Software Defined Networks, whether we talk about SDN or SD-WAN, are the latest and greatest technology step-changes within all facets of networking. For generations, we have been using good old SNMP to perform regular monitoring of our network infrastructure. Cisco brought us NetFlow, a technology standard for the collection of layer-3 & 4 traffic statistics that provided insight into the IP addresses, ports, protocols, timestamps, bytes, and several other packet level details that allowed us to visualise a little deeper into the interworking of the network and the delivery of applications.

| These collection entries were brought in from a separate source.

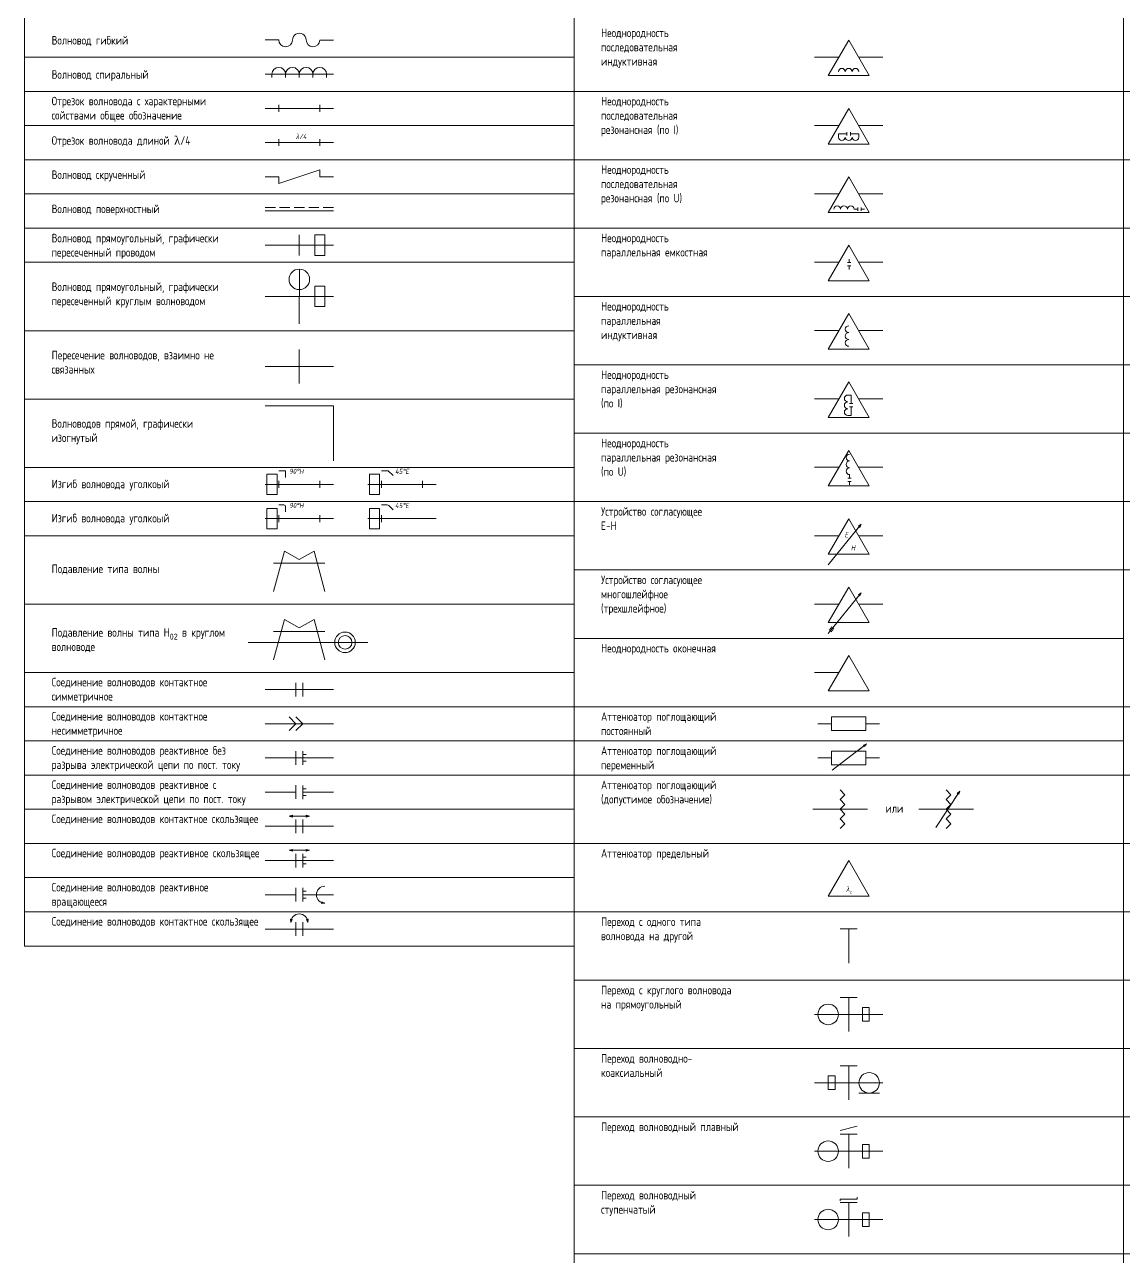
# Model space of a CAD drawing. Header units: millimetres. Extents: x 105 to 909, y -265 to 982.
# Drawn here: x 105.4 to 426.8, y 164.7 to 525 of the extents above; entities that cross this region are included whole.
import ezdxf

# ---------------------------------------------------------------- set-up
doc = ezdxf.new("R2010")
doc.units = ezdxf.units.MM
doc.layers.get('0').update_dxf_attribs({"lineweight": 20})
doc.styles.add('GOST', font='GOST_A.TTF')

msp = doc.modelspace()

# ---------------------------------------------------------------- hatches: boundary and pattern name
h = msp.add_hatch(color=256)
h.dxf.hatch_style = 1
h.paths.add_polyline_path([(349.3, 378.23), (350.11, 378.82), (349.5, 378.07)])
h = msp.add_hatch(color=256)
h.dxf.hatch_style = 1
h.paths.add_polyline_path([(349.7, 377.91), (350.11, 378.82), (349.5, 378.07)])
h = msp.add_hatch(color=256)
h.dxf.hatch_style = 1
h.paths.add_polyline_path([(349.3, 358.23), (350.11, 358.82), (349.5, 358.07)])
h = msp.add_hatch(color=256)
h.dxf.hatch_style = 1
h.paths.add_polyline_path([(349.7, 357.91), (350.11, 358.82), (349.5, 358.07)])
h = msp.add_hatch(color=256)
h.dxf.hatch_style = 1
h.paths.add_polyline_path([(350.81, 314.22), (351.73, 314.61), (350.96, 314.02)])
h = msp.add_hatch(color=256)
h.dxf.hatch_style = 1
h.paths.add_polyline_path([(351.12, 313.81), (351.73, 314.61), (350.96, 314.02)])
h = msp.add_hatch(color=256)
h.dxf.hatch_style = 1
h.paths.add_polyline_path([(378.23, 300.12), (378.98, 300.79), (378.45, 299.98)])
h = msp.add_hatch(color=256)
h.dxf.hatch_style = 1
h.paths.add_polyline_path([(378.67, 299.84), (378.98, 300.79), (378.45, 299.98)])
h = msp.add_hatch(color=256)
h.dxf.hatch_style = 1
h.paths.add_polyline_path([(183.75, 293.72), (182.78, 293.46), (183.75, 293.46)])
h = msp.add_hatch(color=256)
h.dxf.hatch_style = 1
h.paths.add_polyline_path([(183.75, 293.2), (182.78, 293.46), (183.75, 293.46)])
h = msp.add_hatch(color=256)
h.dxf.hatch_style = 1
h.paths.add_polyline_path([(187.82, 293.72), (188.78, 293.46), (187.82, 293.46)])
h = msp.add_hatch(color=256)
h.dxf.hatch_style = 1
h.paths.add_polyline_path([(187.82, 293.2), (188.78, 293.46), (187.82, 293.46)])
h = msp.add_hatch(color=256)
h.dxf.hatch_style = 1
h.paths.add_polyline_path([(183.75, 283.72), (182.78, 283.46), (183.75, 283.46)])
h = msp.add_hatch(color=256)
h.dxf.hatch_style = 1
h.paths.add_polyline_path([(183.75, 283.2), (182.78, 283.46), (183.75, 283.46)])
h = msp.add_hatch(color=256)
h.dxf.hatch_style = 1
h.paths.add_polyline_path([(187.82, 283.72), (188.78, 283.46), (187.82, 283.46)])
h = msp.add_hatch(color=256)
h.dxf.hatch_style = 1
h.paths.add_polyline_path([(187.82, 283.2), (188.78, 283.46), (187.82, 283.46)])
h = msp.add_hatch(color=256)
h.dxf.hatch_style = 1
h.paths.add_polyline_path([(192.29, 267.9), (193.28, 267.96), (192.34, 268.15)])
h = msp.add_hatch(color=256)
h.dxf.hatch_style = 1
h.paths.add_polyline_path([(192.39, 268.41), (193.28, 267.96), (192.34, 268.15)])
h = msp.add_hatch(color=256)
h.dxf.hatch_style = 1
h.paths.add_polyline_path([(183.22, 263.34), (183.28, 262.34), (183.48, 263.29)])
h = msp.add_hatch(color=256)
h.dxf.hatch_style = 1
h.paths.add_polyline_path([(183.73, 263.24), (183.28, 262.34), (183.48, 263.29)])
h = msp.add_hatch(color=256)
h.dxf.hatch_style = 1
h.paths.add_polyline_path([(187.86, 263.25), (188.28, 262.34), (188.12, 263.29)])
h = msp.add_hatch(color=256)
h.dxf.hatch_style = 1
h.paths.add_polyline_path([(188.37, 263.34), (188.28, 262.34), (188.12, 263.29)])

# ---------------------------------------------------------------- linework, layer by layer
for p, q in [((175.78, 520.49), (179.78, 520.49)), ((191.78, 520.48), (195.78, 520.48)), ((346.47, 520.45), (340.47, 510.06)), ((346.47, 520.45), (352.47, 510.06)), ((105.44, 515.46), (266.13, 515.46)), ((336.49, 515.49), (343.61, 515.49)), ((349.34, 515.49), (356.45, 515.49)), ((175.78, 510.49), (195.78, 510.49)), ((177.78, 510.49), (177.78, 509.49)), ((181.78, 510.49), (181.78, 509.49)), ((185.78, 510.49), (185.78, 509.49)), ((189.78, 510.49), (189.78, 509.49)), ((193.78, 510.49), (193.78, 509.49)), ((352.47, 510.06), (340.47, 510.06)), ((105.44, 505.46), (266.13, 505.46)), ((266.13, 505.46), (426.82, 505.46)), ((426.82, 505.46), (587.5, 505.46)), ((179.78, 500.49), (179.78, 501.49)), ((179.78, 501.49), (179.78, 499.49)), ((191.78, 499.49), (191.78, 501.49)), ((175.78, 500.49), (195.78, 500.49)), ((191.78, 500.49), (191.78, 499.49)), ((346.47, 500.45), (340.47, 490.06)), ((346.47, 500.45), (352.47, 490.06)), ((105.44, 495.46), (266.13, 495.46)), ((336.49, 495.49), (343.61, 495.49)), ((349.34, 495.49), (356.45, 495.49)), ((175.78, 490.49), (195.78, 490.49)), ((179.78, 490.49), (179.78, 491.49)), ((179.78, 491.49), (179.78, 489.49)), ((191.78, 489.49), (191.78, 491.49)), ((191.78, 490.49), (191.78, 489.49)), ((352.47, 490.06), (340.47, 490.06)), ((345.97, 493.06), (343.47, 493.06)), ((343.47, 493.06), (343.47, 492.06)), ((345.97, 493.56), (345.97, 492.56)), ((346.97, 493.56), (346.97, 492.56)), ((346.97, 493.06), (349.47, 493.06)), ((349.47, 492.06), (349.47, 493.06)), ((105.44, 485.46), (266.13, 485.46)), ((266.13, 485.46), (426.82, 485.46)), ((426.82, 485.46), (587.5, 485.46)), ((175.78, 480.49), (179.78, 480.49)), ((179.78, 478.49), (191.78, 482.49)), ((179.78, 480.49), (179.78, 478.49)), ((191.78, 480.49), (191.78, 482.49)), ((191.78, 480.49), (195.78, 480.49)), ((346.47, 480.45), (340.47, 470.06)), ((346.47, 480.45), (352.47, 470.06)), ((105.44, 475.46), (266.13, 475.46)), ((336.49, 475.49), (343.61, 475.49)), ((349.34, 475.49), (356.45, 475.49)), ((175.78, 471.49), (178.78, 471.49)), ((175.78, 470.49), (195.78, 470.49)), ((180.03, 471.49), (183.03, 471.49)), ((184.28, 471.49), (187.28, 471.49)), ((188.53, 471.49), (191.53, 471.49)), ((192.78, 471.49), (195.78, 471.49)), ((352.47, 470.06), (340.47, 470.06)), ((349.1, 470.97), (348.1, 470.97)), ((349.1, 470.47), (349.1, 471.47)), ((350.1, 470.47), (350.1, 471.47)), ((350.1, 470.97), (351.1, 470.97)), ((105.44, 465.46), (266.13, 465.46)), ((266.13, 465.46), (426.82, 465.46)), ((426.82, 465.46), (587.5, 465.46)), ((185.78, 463.49), (185.78, 457.49)), ((192.28, 463.49), (190.28, 463.49)), ((190.28, 463.49), (193.28, 463.49)), ((190.28, 457.49), (190.28, 463.49)), ((193.28, 463.49), (193.28, 457.49)), ((175.78, 460.49), (195.78, 460.49)), ((346.47, 460.45), (340.47, 450.06)), ((346.47, 460.45), (352.47, 450.06)), ((105.44, 455.46), (266.13, 455.46)), ((193.28, 457.49), (190.28, 457.49)), ((336.49, 455.49), (343.61, 455.49)), ((347.09, 455.38), (346.09, 455.38)), ((347.09, 454.38), (346.09, 454.38)), ((346.59, 455.38), (346.59, 456.38)), ((346.59, 454.38), (346.59, 453.38)), ((349.34, 455.49), (356.45, 455.49)), ((185.81, 453.49), (185.76, 437.49)), ((192.28, 448.49), (190.28, 448.49)), ((190.28, 448.49), (193.28, 448.49)), ((190.28, 442.49), (190.28, 448.49)), ((193.28, 448.49), (193.28, 442.49)), ((352.47, 450.06), (340.47, 450.06)), ((175.78, 445.49), (195.78, 445.49)), ((266.13, 445.46), (426.82, 445.46)), ((426.82, 445.46), (587.5, 445.46)), ((193.28, 442.49), (190.28, 442.49)), ((346.47, 440.45), (340.47, 430.06)), ((346.47, 440.45), (352.47, 430.06)), ((105.44, 435.46), (266.13, 435.46)), ((336.49, 435.49), (343.61, 435.49)), ((349.34, 435.49), (356.45, 435.49)), ((185.78, 425), (185.78, 430)), ((185.78, 430), (185.78, 420)), ((352.47, 430.06), (340.47, 430.06)), ((266.13, 425.46), (426.82, 425.46)), ((426.82, 425.46), (587.5, 425.46)), ((175.78, 425), (195.78, 425)), ((346.47, 420.45), (340.47, 410.06)), ((346.47, 420.45), (352.47, 410.06)), ((105.44, 415.46), (266.13, 415.46)), ((336.49, 415.49), (343.61, 415.49)), ((347.21, 416.64), (346.21, 416.64)), ((347.21, 414.14), (347.21, 416.64)), ((349.34, 415.49), (356.45, 415.49)), ((195.81, 413.43), (175.81, 413.43)), ((195.81, 413.43), (195.76, 397.43)), ((347.71, 414.14), (346.71, 414.14)), ((347.71, 413.14), (346.71, 413.14)), ((347.21, 413.14), (347.21, 410.64)), ((352.47, 410.06), (340.47, 410.06)), ((346.21, 410.64), (347.21, 410.64)), ((266.13, 405.46), (426.82, 405.46)), ((426.82, 405.46), (587.5, 405.46)), ((346.47, 400.45), (340.47, 390.06)), ((346.47, 400.45), (352.47, 390.06)), ((105.44, 395.46), (266.13, 395.46)), ((178.28, 393.49), (176.28, 393.49)), ((176.28, 393.49), (179.28, 393.49)), ((176.28, 387.49), (176.28, 393.49)), ((179.28, 393.49), (179.28, 387.49)), ((179.78, 394.49), (181.78, 394.49)), ((181.78, 394.49), (181.78, 392.49)), ((208.28, 393.51), (206.28, 393.51)), ((206.28, 393.51), (209.28, 393.51)), ((206.28, 387.51), (206.28, 393.51)), ((209.28, 393.51), (209.28, 387.51)), ((209.78, 394.49), (211.78, 394.49)), ((211.78, 394.49), (213.2, 393.08)), ((336.49, 395.49), (343.61, 395.49)), ((346.74, 392.35), (346.74, 393.35)), ((349.34, 395.49), (356.45, 395.49)), ((175.78, 390.49), (195.78, 390.49)), ((179.78, 390.49), (179.78, 391.49)), ((179.78, 391.49), (179.78, 389.49)), ((191.78, 389.49), (191.78, 391.49)), ((191.78, 390.49), (191.78, 389.49)), ((205.78, 390.49), (225.78, 390.49)), ((209.78, 390.49), (209.78, 391.49)), ((209.78, 391.49), (209.78, 389.49)), ((221.78, 389.49), (221.78, 391.49)), ((221.78, 390.49), (221.78, 389.49)), ((352.47, 390.06), (340.47, 390.06)), ((347.24, 392.35), (346.24, 392.35)), ((347.24, 391.35), (346.24, 391.35)), ((346.74, 391.35), (346.74, 390.35)), ((179.28, 387.49), (176.28, 387.49)), ((209.28, 387.51), (206.28, 387.51)), ((105.44, 385.46), (266.13, 385.46)), ((178.28, 383.49), (176.28, 383.49)), ((176.28, 383.49), (179.28, 383.49)), ((176.28, 377.49), (176.28, 383.49)), ((179.28, 383.49), (179.28, 377.49)), ((179.78, 384.49), (181.28, 384.49)), ((181.78, 383.99), (181.78, 382.49)), ((208.28, 383.49), (206.28, 383.49)), ((206.28, 383.49), (209.28, 383.49)), ((206.28, 377.49), (206.28, 383.49)), ((209.28, 383.49), (209.28, 377.49)), ((209.78, 384.49), (211.28, 384.49)), ((212.14, 384.14), (213.2, 383.08)), ((266.13, 385.46), (426.82, 385.46)), ((426.82, 385.46), (587.5, 385.46)), ((175.78, 380.49), (195.78, 380.49)), ((179.78, 380.49), (179.78, 381.49)), ((179.78, 381.49), (179.78, 379.49)), ((191.78, 379.49), (191.78, 381.49)), ((191.78, 380.49), (191.78, 379.49)), ((205.78, 380.49), (225.78, 380.49)), ((209.78, 380.49), (209.78, 381.49)), ((209.78, 381.49), (209.78, 379.49)), ((346.47, 380.45), (340.47, 370.06)), ((350.11, 378.82), (340.49, 366.92)), ((346.47, 380.45), (352.47, 370.06)), ((348.23, 376.49), (350.11, 378.82)), ((350.11, 378.82), (349.3, 378.23)), ((350.11, 378.82), (349.7, 377.91)), ((105.44, 375.46), (266.13, 375.46)), ((179.28, 377.49), (176.28, 377.49)), ((209.28, 377.49), (206.28, 377.49)), ((336.49, 375.49), (343.61, 375.49)), ((349.3, 378.23), (349.5, 378.07)), ((349.34, 375.49), (356.45, 375.49)), ((349.7, 377.91), (349.5, 378.07)), ((181.45, 370.99), (178.28, 359.16)), ((185.78, 368.49), (181.45, 370.99)), ((185.78, 368.49), (190.11, 370.99)), ((190.11, 370.99), (193.28, 359.16)), ((352.47, 370.06), (340.47, 370.06)), ((178.28, 367.49), (193.28, 367.49)), ((266.13, 365.46), (426.82, 365.46)), ((426.82, 365.46), (587.5, 365.46)), ((346.47, 360.45), (340.47, 350.06)), ((346.47, 360.45), (352.47, 350.06)), ((350.11, 358.82), (340.49, 346.92)), ((348.23, 356.49), (350.11, 358.82)), ((350.11, 358.82), (349.3, 358.23)), ((349.3, 358.23), (349.5, 358.07)), ((349.7, 357.91), (349.5, 358.07)), ((350.11, 358.82), (349.7, 357.91)), ((105.44, 355.46), (266.13, 355.46)), ((336.47, 355.49), (343.59, 355.46)), ((349.36, 355.45), (356.47, 355.41)), ((181.45, 350.99), (178.28, 339.16)), ((185.78, 348.49), (181.45, 350.99)), ((185.78, 348.49), (190.11, 350.99)), ((190.11, 350.99), (193.28, 339.16)), ((352.47, 350.06), (340.47, 350.06)), ((178.28, 347.49), (193.28, 347.49)), ((340.73, 348.01), (341.51, 347.38)), ((341.05, 348.4), (341.82, 347.77)), ((341.36, 348.79), (342.14, 348.16)), ((170.78, 344.29), (205.78, 344.29)), ((266.13, 345.46), (426.82, 345.46)), ((346.47, 340.45), (340.47, 330.06)), ((346.47, 340.45), (352.47, 330.06)), ((105.44, 335.46), (266.13, 335.46)), ((336.47, 335.49), (343.59, 335.46)), ((336.49, 335.49), (343.61, 335.49)), ((184.78, 332.49), (184.78, 328.49)), ((186.78, 330.49), (186.78, 332.49)), ((175.78, 330.49), (195.78, 330.49)), ((186.78, 328.49), (186.78, 330.49)), ((352.47, 330.06), (340.47, 330.06)), ((105.44, 325.46), (266.13, 325.46)), ((266.13, 325.46), (426.82, 325.46)), ((426.82, 325.46), (587.5, 325.46)), ((184.78, 320.49), (182.79, 322.49)), ((186.78, 320.49), (184.79, 322.49)), ((341.47, 320.46), (341.47, 322.46)), ((341.47, 322.46), (351.47, 322.46)), ((351.47, 322.46), (351.47, 318.46)), ((175.78, 320.49), (195.78, 320.49)), ((184.78, 320.49), (182.79, 318.49)), ((186.78, 320.49), (184.79, 318.49)), ((341.47, 320.46), (337.47, 320.46)), ((341.47, 318.46), (341.47, 320.46)), ((351.47, 318.46), (341.47, 318.46)), ((351.47, 320.46), (355.47, 320.46)), ((105.44, 315.46), (266.13, 315.46)), ((266.13, 315.46), (426.82, 315.46)), ((351.73, 314.61), (341.63, 306.86)), ((349.35, 312.78), (351.73, 314.61)), ((351.73, 314.61), (350.81, 314.22)), ((350.81, 314.22), (350.96, 314.02)), ((351.12, 313.81), (350.96, 314.02)), ((351.73, 314.61), (351.12, 313.81)), ((175.78, 310.49), (195.78, 310.49)), ((184.78, 312.49), (184.78, 308.49)), ((186.78, 310.49), (186.78, 312.49)), ((186.78, 311.49), (187.78, 311.49)), ((186.78, 308.49), (186.78, 310.49)), ((341.47, 310.46), (337.47, 310.46)), ((341.47, 310.46), (341.47, 312.46)), ((341.47, 312.46), (351.47, 312.46)), ((341.47, 308.46), (341.47, 310.46)), ((351.47, 312.46), (351.47, 308.46)), ((351.47, 310.46), (355.47, 310.46)), ((186.78, 309.49), (187.78, 309.49)), ((351.47, 308.46), (341.47, 308.46)), ((105.44, 305.46), (266.13, 305.46)), ((266.13, 305.46), (426.82, 305.46)), ((426.82, 305.46), (587.5, 305.46)), ((175.78, 300.49), (184.78, 300.49)), ((184.78, 302.49), (184.78, 298.49)), ((186.78, 300.46), (186.78, 302.46)), ((186.78, 301.46), (187.78, 301.46)), ((186.78, 298.46), (186.78, 300.46)), ((186.78, 300.46), (195.78, 300.46)), ((186.78, 299.46), (187.78, 299.46)), ((343.98, 301.12), (345.39, 299.7)), ((343.98, 298.29), (345.39, 299.7)), ((378.98, 300.79), (372, 290.14)), ((374.97, 301.12), (376.39, 299.7)), ((374.97, 298.29), (376.39, 299.7)), ((377.34, 298.28), (378.98, 300.79)), ((378.98, 300.79), (378.23, 300.12)), ((378.23, 300.12), (378.45, 299.98)), ((378.67, 299.84), (378.45, 299.98)), ((378.98, 300.79), (378.67, 299.84)), ((105.44, 295.46), (266.13, 295.46)), ((351.98, 295.46), (335.98, 295.46)), ((343.98, 298.29), (345.39, 296.88)), ((343.98, 295.46), (345.39, 296.88)), ((343.98, 295.46), (345.39, 294.05)), ((343.98, 295.46), (351.98, 295.46)), ((382.97, 295.46), (366.97, 295.46)), ((374.97, 298.29), (376.39, 296.88)), ((374.97, 295.46), (376.39, 296.88)), ((374.97, 295.46), (376.39, 294.05)), ((182.78, 293.46), (183.75, 293.72)), ((188.78, 293.46), (182.78, 293.46)), ((182.78, 293.46), (183.75, 293.2)), ((183.75, 293.72), (183.75, 293.46)), ((183.75, 293.2), (183.75, 293.46)), ((184.78, 292.49), (184.78, 288.49)), ((185.78, 293.46), (188.78, 293.46)), ((186.78, 290.49), (186.78, 292.49)), ((188.78, 293.46), (187.82, 293.72)), ((187.82, 293.72), (187.82, 293.46)), ((188.78, 293.46), (187.82, 293.2)), ((187.82, 293.2), (187.82, 293.46)), ((343.98, 292.63), (345.39, 294.05)), ((343.98, 292.63), (345.39, 291.22)), ((374.97, 292.63), (376.39, 294.05)), ((374.97, 292.63), (376.39, 291.22)), ((175.78, 290.49), (186.78, 290.49)), ((186.78, 288.49), (186.78, 290.49)), ((186.78, 290.49), (195.78, 290.49)), ((343.98, 289.81), (345.39, 291.22)), ((374.97, 289.81), (376.39, 291.22)), ((105.44, 285.46), (266.13, 285.46)), ((266.13, 285.46), (426.82, 285.46)), ((426.82, 285.46), (587.5, 285.46)), ((182.78, 283.46), (183.75, 283.72)), ((188.78, 283.46), (182.78, 283.46)), ((182.78, 283.46), (183.75, 283.2)), ((183.75, 283.72), (183.75, 283.46)), ((183.75, 283.2), (183.75, 283.46)), ((184.78, 282.46), (184.78, 278.46)), ((185.78, 283.46), (188.78, 283.46)), ((186.78, 280.46), (186.78, 282.46)), ((186.78, 281.46), (187.78, 281.46)), ((188.78, 283.46), (187.82, 283.72)), ((187.82, 283.72), (187.82, 283.46)), ((188.78, 283.46), (187.82, 283.2)), ((187.82, 283.2), (187.82, 283.46)), ((175.78, 280.46), (186.78, 280.46)), ((186.78, 278.46), (186.78, 280.46)), ((186.78, 280.46), (195.78, 280.46)), ((186.78, 279.46), (187.78, 279.46)), ((346.47, 280.45), (340.47, 270.06)), ((346.47, 280.45), (352.47, 270.06)), ((105.44, 275.46), (266.13, 275.46)), ((175.78, 270.46), (184.78, 270.46)), ((184.78, 272.46), (184.78, 268.46)), ((186.78, 270.46), (186.78, 272.46)), ((186.78, 271.46), (187.78, 271.46)), ((186.78, 268.46), (186.78, 270.46)), ((186.78, 270.46), (195.78, 270.46)), ((195.78, 270.46), (190.78, 270.46)), ((186.78, 269.46), (187.78, 269.46)), ((192.29, 267.9), (192.34, 268.15)), ((193.28, 267.96), (192.29, 267.9)), ((192.39, 268.41), (192.34, 268.15)), ((193.28, 267.96), (192.39, 268.41)), ((352.47, 270.06), (340.47, 270.06)), ((105.44, 265.46), (266.13, 265.46)), ((183.28, 262.34), (183.22, 263.34)), ((183.22, 263.34), (183.48, 263.29)), ((183.28, 262.34), (183.73, 263.24)), ((183.73, 263.24), (183.48, 263.29)), ((187.86, 263.25), (188.12, 263.29)), ((188.28, 262.34), (187.86, 263.25)), ((188.37, 263.34), (188.12, 263.29)), ((188.28, 262.34), (188.37, 263.34)), ((266.13, 265.46), (426.82, 265.46)), ((426.82, 265.46), (587.5, 265.46)), ((175.78, 260.43), (195.78, 260.43)), ((184.78, 262.43), (184.78, 258.43)), ((186.78, 258.43), (186.78, 262.43)), ((348.97, 260.45), (343.97, 260.45)), ((346.47, 260.45), (346.47, 250.45)), ((105.44, 255.46), (266.13, 255.46)), ((266.13, 245.46), (426.82, 245.46)), ((426.82, 245.46), (587.5, 245.46)), ((348.97, 240.45), (343.97, 240.45)), ((346.47, 240.45), (346.47, 230.45)), ((356.47, 235.45), (336.47, 235.45)), ((350.47, 235.45), (350.47, 237.45)), ((350.47, 237.45), (352.47, 237.45)), ((350.47, 233.45), (350.47, 235.45)), ((352.47, 237.45), (352.47, 233.45)), ((352.47, 233.45), (350.47, 233.45)), ((266.13, 225.46), (426.82, 225.46)), ((426.82, 225.46), (587.5, 225.46)), ((348.97, 220.45), (343.97, 220.45)), ((346.47, 220.45), (346.47, 210.45)), ((342.47, 217.45), (340.47, 217.45)), ((340.47, 217.45), (340.47, 213.45)), ((342.47, 215.45), (342.47, 217.45)), ((356.47, 215.45), (336.47, 215.45)), ((340.47, 213.45), (342.47, 213.45)), ((342.47, 213.45), (342.47, 215.45)), ((355.47, 212.45), (349.47, 212.45)), ((266.13, 205.46), (426.82, 205.46)), ((426.82, 205.46), (587.5, 205.46)), ((343.97, 201.45), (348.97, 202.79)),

The NetFlow insight was a WOW-Factor at the time because it started to bring deeper insight of what was going on at the packet flow level where you traditionally would have had to use a protocol analyser sniffer. The tooling available then and mostly now has typically been used for baselining performance, TOPn statistics, Real-Time QoS performance, TOPn Conversations, Capacity Planning, Traffic Engineering etc. and is still widely used today, especially for network statistical data.
Next-Gen FlowSec Forensics
You can’t get more accurate information than the devices from which your data flows end-to-end so why are engineering reluctant to enable flow? It’s a fallacy that configuring flow increases CPU and Memory resources, in fact, set correctly, it hardly increases device enabled flow resources at all.
Flow tooling has moved on considerably whereby deeper insights stitched into the fabric of capability to extract, not just traditional flow records, but Metadata and logging-data that increases the ability of the flow record in providing greater granularity. Having the power of operation to effect better security efficacy through the infusion of essential data enables faster accurate detection of suspicious threats and anomalous behaviour.
Without question, there are great security products available in the market that consider threats of unusual behaviour and with the advancement of artificial intelligence (AI) layered on top like a perfect icing on a beautifully engineered cake. The big BUT though is that, apart from costing an arm and a leg in licensing costs and professional services, they still don’t decipher the important signal of threat from the background noise of connectivity so by the time you think you’ve identified the signal of threat, the threat is no longer a threat… It’s a reality that’s in your network!
Utilising flow to track blacklisted addressing originating from your organisation, or malware calling home to command and control devices within your network yet being blocked by access controls (ACLs) hitting your routing entry points provides greater granularity of insight into how well your external facing security devices are protecting inbound anomalous traffic behaviour. Being able to track First-Packet-Response (FPR) from flow data will assist you in understanding the real response across the network, measuring DNS lookup response of every request across every NetFlow sender or visualising potential SYN attacks flooding your network due to misconfiguration causing system slow-down, or worst, mischievous scanning.
Visibility into bandwidth consumption of the top applications will allow you to plan real bandwidth requirements and profile your whitelisted addressing enabling you to tighten policies and filter and report on anomalies with higher efficiency and provide analytical insight feeds to dashboards that provide real-time external/internal systematic behaviour.